ALEC turns 40 and continues to subvert the legal system
The American Legislative Exchange Council (ALEC) is the best known of several highly ideological bill mills that are designated as charities for tax purposes despite being dominated by some of the wealthiest corporations in the world. ALEC recently celebrated its 40th anniversary in its birthplace: Chicago. Although largely ignored by the commercial media, significant protests continued throughout ALEC’s conference to draw attention to the impact of ALEC on workplace fairness, civil rights, consumer protection, and environmental safety, among other matters.

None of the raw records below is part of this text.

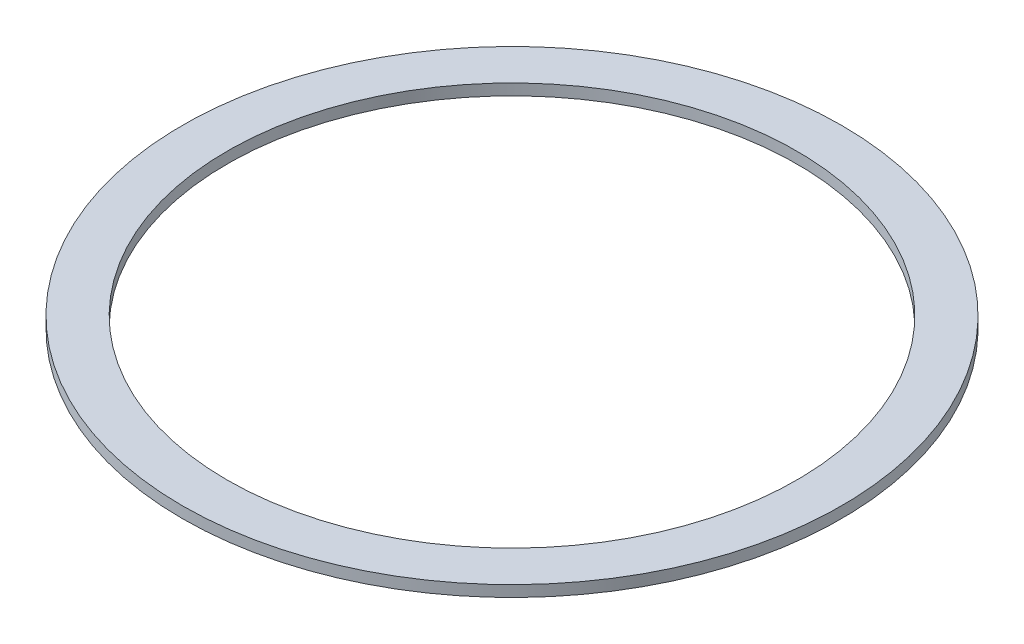
from build123d import *

# Parameters (mm, degrees)
SKETCH1_R           = 295
SKETCH1_R_2         = 255
BOSS_EXTRUDE1_DEPTH = 5


with BuildPart() as part:
    # Sketch1 → Boss-Extrude1 (new, symmetric)
    with BuildSketch(Plane(origin=(0, 0, 0), x_dir=(1, 0, 0), z_dir=(0, 1, 0))):
        with Locations(Location((0, 0, 0), (0, 0, 270))):
            Circle(SKETCH1_R)
        with Locations(Location((0, 0, 0), (0, 0, 270))):
            Circle(SKETCH1_R_2, mode=Mode.SUBTRACT)
    extrude(amount=BOSS_EXTRUDE1_DEPTH, both=True)


solid = part.part

The main reason for the opposition to ALEC and similar “charities,” such as the Council of State Governments, is the role they apparently play in shaping the law that governs economic, social, and political life generally. In particular, ALEC and similar “charities” hold private meetings at luxury resorts for corporate agents and allied State legislators to draft pro-corporate “model” legislation that those State legislators then seek to pass in their respective States. Given this tactic, it should not be surprising that virtually identical legislation has been proposed and then enacted in States across the nation.
It is difficult to understand how such copy-cat laws drafted behind closed doors by corporate interests somehow represent the public interest in a given State where the legislation is ultimately imposed. Indeed, ALEC and allied organizations are evidently seeking to enact laws, State by State, that essentially undermine public safety, employment opportunity, and even democracy itself.